### [Data records]
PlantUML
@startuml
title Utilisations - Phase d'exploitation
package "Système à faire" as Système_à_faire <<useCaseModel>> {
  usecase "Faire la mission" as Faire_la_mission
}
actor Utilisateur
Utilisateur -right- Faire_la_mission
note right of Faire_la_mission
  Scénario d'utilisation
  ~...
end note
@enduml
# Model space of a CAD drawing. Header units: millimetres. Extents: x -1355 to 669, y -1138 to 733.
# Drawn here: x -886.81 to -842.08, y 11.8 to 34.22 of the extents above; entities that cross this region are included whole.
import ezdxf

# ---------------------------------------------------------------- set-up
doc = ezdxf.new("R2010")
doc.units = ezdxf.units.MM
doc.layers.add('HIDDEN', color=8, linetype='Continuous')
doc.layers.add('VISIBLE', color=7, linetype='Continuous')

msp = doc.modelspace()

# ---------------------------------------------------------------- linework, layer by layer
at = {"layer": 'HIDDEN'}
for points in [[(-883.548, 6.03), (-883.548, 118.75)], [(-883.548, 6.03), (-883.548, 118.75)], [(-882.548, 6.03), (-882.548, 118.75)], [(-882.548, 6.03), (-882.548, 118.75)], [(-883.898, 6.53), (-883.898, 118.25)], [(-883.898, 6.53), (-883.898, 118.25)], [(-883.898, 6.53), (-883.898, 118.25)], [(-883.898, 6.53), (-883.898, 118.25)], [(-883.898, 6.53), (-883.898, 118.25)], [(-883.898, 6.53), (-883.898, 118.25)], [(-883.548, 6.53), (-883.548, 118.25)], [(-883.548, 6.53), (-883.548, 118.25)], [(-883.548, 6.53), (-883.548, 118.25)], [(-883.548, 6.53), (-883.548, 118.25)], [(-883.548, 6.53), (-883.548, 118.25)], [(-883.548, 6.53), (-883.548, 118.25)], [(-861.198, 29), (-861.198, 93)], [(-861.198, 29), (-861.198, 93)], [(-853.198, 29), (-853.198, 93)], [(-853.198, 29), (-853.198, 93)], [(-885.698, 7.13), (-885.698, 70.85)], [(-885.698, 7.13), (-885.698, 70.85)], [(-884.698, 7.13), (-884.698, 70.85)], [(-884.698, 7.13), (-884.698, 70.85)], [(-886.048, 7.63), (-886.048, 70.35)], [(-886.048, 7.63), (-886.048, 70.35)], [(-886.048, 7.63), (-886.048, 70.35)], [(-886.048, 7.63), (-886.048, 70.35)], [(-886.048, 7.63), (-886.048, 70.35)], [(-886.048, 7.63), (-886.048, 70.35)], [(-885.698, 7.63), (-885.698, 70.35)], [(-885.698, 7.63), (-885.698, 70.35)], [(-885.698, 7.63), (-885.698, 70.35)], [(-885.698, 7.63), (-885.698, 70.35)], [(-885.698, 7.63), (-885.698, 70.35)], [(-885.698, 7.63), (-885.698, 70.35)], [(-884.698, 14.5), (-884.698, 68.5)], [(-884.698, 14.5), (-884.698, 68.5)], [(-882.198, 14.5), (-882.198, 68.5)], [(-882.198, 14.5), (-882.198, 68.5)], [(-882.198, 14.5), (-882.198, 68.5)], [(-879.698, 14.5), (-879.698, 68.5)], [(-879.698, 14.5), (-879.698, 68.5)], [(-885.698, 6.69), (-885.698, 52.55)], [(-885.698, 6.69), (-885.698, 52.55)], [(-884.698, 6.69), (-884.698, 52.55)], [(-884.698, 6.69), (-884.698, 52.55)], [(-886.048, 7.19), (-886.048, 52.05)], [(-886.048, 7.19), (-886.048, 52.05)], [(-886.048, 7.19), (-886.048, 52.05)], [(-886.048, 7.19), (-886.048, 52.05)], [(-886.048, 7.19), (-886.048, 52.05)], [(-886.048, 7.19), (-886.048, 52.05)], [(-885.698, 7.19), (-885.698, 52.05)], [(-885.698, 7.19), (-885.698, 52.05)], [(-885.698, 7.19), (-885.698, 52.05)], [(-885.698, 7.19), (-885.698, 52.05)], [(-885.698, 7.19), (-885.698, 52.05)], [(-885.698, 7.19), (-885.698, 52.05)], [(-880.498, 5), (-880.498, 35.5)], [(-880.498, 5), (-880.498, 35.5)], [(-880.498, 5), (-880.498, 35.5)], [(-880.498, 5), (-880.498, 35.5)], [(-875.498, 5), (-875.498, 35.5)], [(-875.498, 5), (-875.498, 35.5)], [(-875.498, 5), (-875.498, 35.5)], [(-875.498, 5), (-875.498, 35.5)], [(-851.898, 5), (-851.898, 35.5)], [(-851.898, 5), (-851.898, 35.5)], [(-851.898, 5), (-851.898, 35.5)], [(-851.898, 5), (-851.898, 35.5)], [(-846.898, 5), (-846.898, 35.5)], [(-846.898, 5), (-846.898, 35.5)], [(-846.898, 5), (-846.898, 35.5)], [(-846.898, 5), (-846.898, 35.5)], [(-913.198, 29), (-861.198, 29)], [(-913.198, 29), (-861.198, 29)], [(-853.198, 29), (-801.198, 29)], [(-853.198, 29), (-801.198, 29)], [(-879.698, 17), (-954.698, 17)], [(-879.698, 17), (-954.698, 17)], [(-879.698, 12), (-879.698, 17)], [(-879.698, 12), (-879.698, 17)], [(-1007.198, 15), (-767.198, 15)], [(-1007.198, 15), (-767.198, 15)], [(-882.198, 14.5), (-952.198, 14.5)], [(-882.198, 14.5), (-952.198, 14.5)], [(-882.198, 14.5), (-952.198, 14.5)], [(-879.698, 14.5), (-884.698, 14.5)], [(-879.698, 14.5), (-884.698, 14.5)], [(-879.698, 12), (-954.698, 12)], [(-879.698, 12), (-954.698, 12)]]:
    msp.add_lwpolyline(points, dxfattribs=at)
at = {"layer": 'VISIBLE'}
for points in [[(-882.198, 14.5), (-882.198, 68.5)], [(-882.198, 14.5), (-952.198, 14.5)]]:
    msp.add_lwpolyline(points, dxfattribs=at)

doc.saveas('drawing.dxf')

### [Problem]
In the listing, find every line with the word "Continuous" and return it.

### [Result]
doc.layers.add('HIDDEN', color=8, linetype='Continuous')
doc.layers.add('VISIBLE', color=7, linetype='Continuous')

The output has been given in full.